I left with Cramer, and Captain Dixon trailing behind. While we were leaving the establishment, with his men to gather up and straggling customers and the help around, he kept himself calm and dignified, but as soon as we were out on the sidewalk he turned loose on me and let me have it. I was surprised at how bitter he was, and then, as he went on getting warmer, I realized that he was just showing how high an opinion he had of Nero Wolfe. As soon as he gave me a chance I told him:

“Nuts, Inspector. You thought Wolfe was a magician, and just because he told us to do this someone was going to flop on their knees and claw at your pants and pull an I-done-it. Have patience. I’ll go home and tell Wolfe about it, and you talk ’em over with Captain Dixon—that is, if he can talk—”

Cramer grunted. “I should have had more sense. If that fat rhinoceros is kidding me, I’ll make him eat his license and then he won’t have any.”

I had climbed in the roadster. “He’s not kidding you. Wait and see. Give him a chance.” I slipped in the gear and rolled away.

Little did I suspect what was waiting for me at West 35th Street. I got there about half past eleven, thinking that Wolfe would have been down from the plant rooms for half an hour and therefore I would catch him in good humor with his third bottle of beer, which was so much to the good, since I was not exactly the bearer of glad tidings. After parking in front and depositing my hat in the hall, I went to the office, and
found to my surprise that it was empty. I sought the bathroom, but it was empty too. I proceeded to the kitchen to inquire of Fritz, and as soon as I crossed the threshold I stopped and my heart sank to my feet and kept on right through the floor.

Wolfe sat at the kitchen table with a pencil in his hand and sheets of paper scattered around. Fritz stood across from him, with the gleam in his eye that I knew only too well. Neither paid any attention to the noise I had made entering. Wolfe was saying:

“… but we cannot get good peafowl. Archie could try that place on Long Island, but it is probably hopeless. A peafowl’s breast flesh will not be sweet and tender and properly developed unless it is well protected from all alarms, especially from the air, to prevent nervousness, and Long Island is full of airplanes. The goose for this evening, with the stuffing as arranged, will be quite satisfactory. The kid will be ideal for tomorrow. We can phone Mr. Salzenback at once to butcher one, and Archie can drive to Garfield for it in the morning. You can proceed with the preliminaries for the sauce. Friday is a problem. If we try the peafowl we shall merely be inviting catastrophe. Squabs will do for tidbits, but the chief difficulty remains. Fritz, I’ll tell you. Let us try a new tack entirely. Do you know shish kabab? I have had it in Turkey. Marinate thin slices of tender lamb for several hours in red wine and spices. Here, I’ll put it down: thyme, mace, peppercorns, garlic—”

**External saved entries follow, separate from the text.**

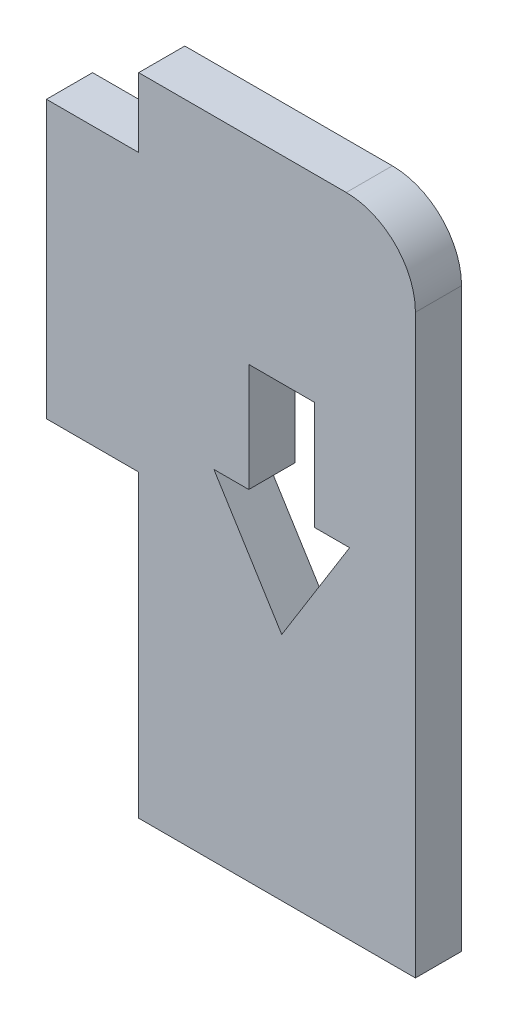
from build123d import *

# Parameters (mm, degrees)
EXTRUDE_1_DEPTH     = 2
CUT_EXTRUDE_1_DEPTH = 2
FILLET_1_R          = 3


with BuildPart() as part:
    # ｽｹｯﾁ1 → ﾎﾞｽ - 押し出し1 (new body)
    with BuildSketch(Plane.XY):
        Polygon((4, 0), (0, 0), (0, -12), (4, -12), (4, -25), (16, -25), (16, 3), (4, 3), align=None)
    extrude(amount=EXTRUDE_1_DEPTH)

    # ｽｹｯﾁ2 → ｶｯﾄ - 押し出し1 (cut)
    with BuildSketch(Plane.XY.offset(2)):
        Polygon((11.632823949, -5.570087609), (8.772941266, -5.570087609), (8.772941266, -10.268637818), (7.260776917, -10.268637818), (10.202882607, -14.99997105), (13.144988298, -10.268637818), (11.632823949, -10.268637818), align=None)
    extrude(amount=-CUT_EXTRUDE_1_DEPTH, mode=Mode.SUBTRACT)

    # ﾌｨﾚｯﾄ1
    fillet_1_edges = [part.edges().sort_by_distance(p)[0] for p in [
        (16, 3, 1),
    ]]
    fillet(fillet_1_edges, radius=FILLET_1_R)


solid = part.part
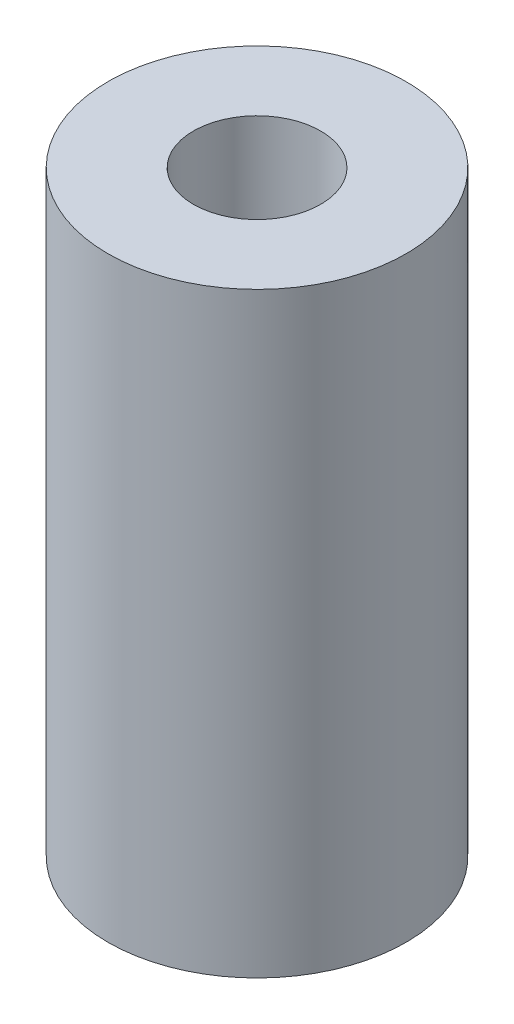
from build123d import *

# Parameters (mm, degrees)
SKETCH1_R           = 9.525
SKETCH1_R_2         = 4.064
BOSS_EXTRUDE1_DEPTH = 38.1


with BuildPart() as part:
    # Sketch1 → Boss-Extrude1 (new body)
    with BuildSketch(Plane(origin=(0, 0, 0), x_dir=(1, 0, 0), z_dir=(0, 1, 0))):
        Circle(SKETCH1_R)
        Circle(SKETCH1_R_2, mode=Mode.SUBTRACT)
    extrude(amount=BOSS_EXTRUDE1_DEPTH)


solid = part.part
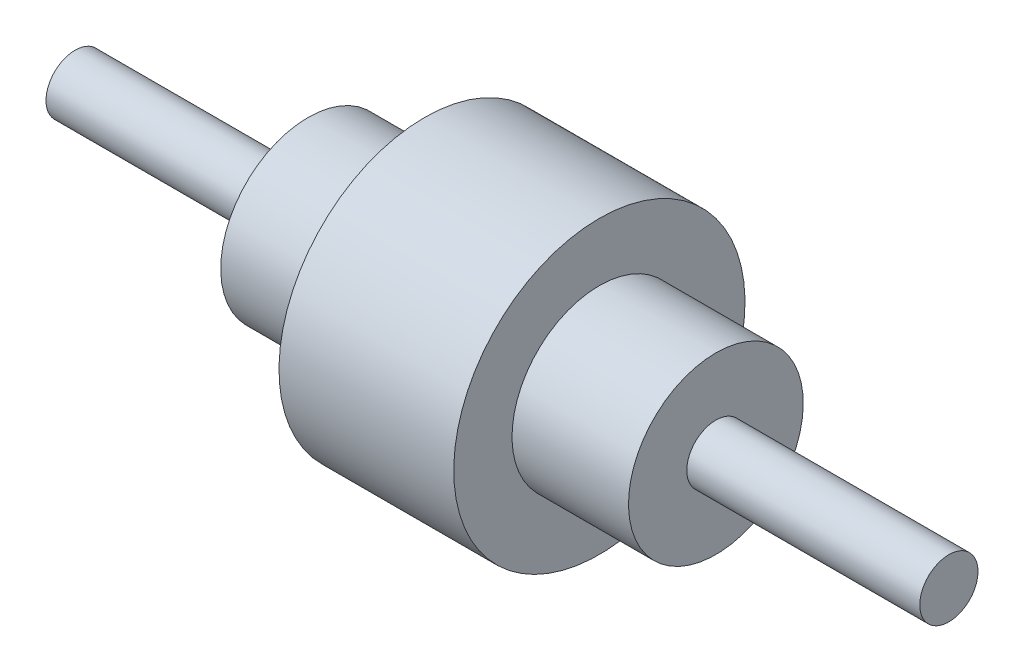
from build123d import *


with BuildPart() as part:
    # Sketch1 → Revolve1 (revolve)
    with BuildSketch(Plane.XY, mode=Mode.PRIVATE) as revolve1_sk:
        Polygon((-7620, 0), (-7620, -254), (-5588, -254), (-5588, -762), (-4572, -762), (-4572, -1270), (-3048, -1270), (-3048, -762), (-2032, -762), (-2032, -254), (0, -254), (0, 0), align=None)
    revolve(revolve1_sk.sketch.rotate(Axis((0, 0, 0), (-1, 0, 0)), 180), axis=Axis((0, 0, 0), (-1, 0, 0)))  # turned: the seam where the file's is


solid = part.part

I stood and took it in. It looked hopeless. There was no question but that it was the beginning of a major relapse. He hadn’t had one for a long while, and it might last a week or more, and while that spell was on him you might as well try to talk business to a lamp post as to Nero Wolfe. When we were engaged on a
case, I never liked to go out and leave him alone with Fritz, for this very reason. If only I had got home an hour earlier! It looked now as if it had gone too far to stop it. And this was one of the times when it seemed easy to guess what had brought it on: he hadn’t really expected anything from the mess he had cooked up for Cramer and me, and he was covering up.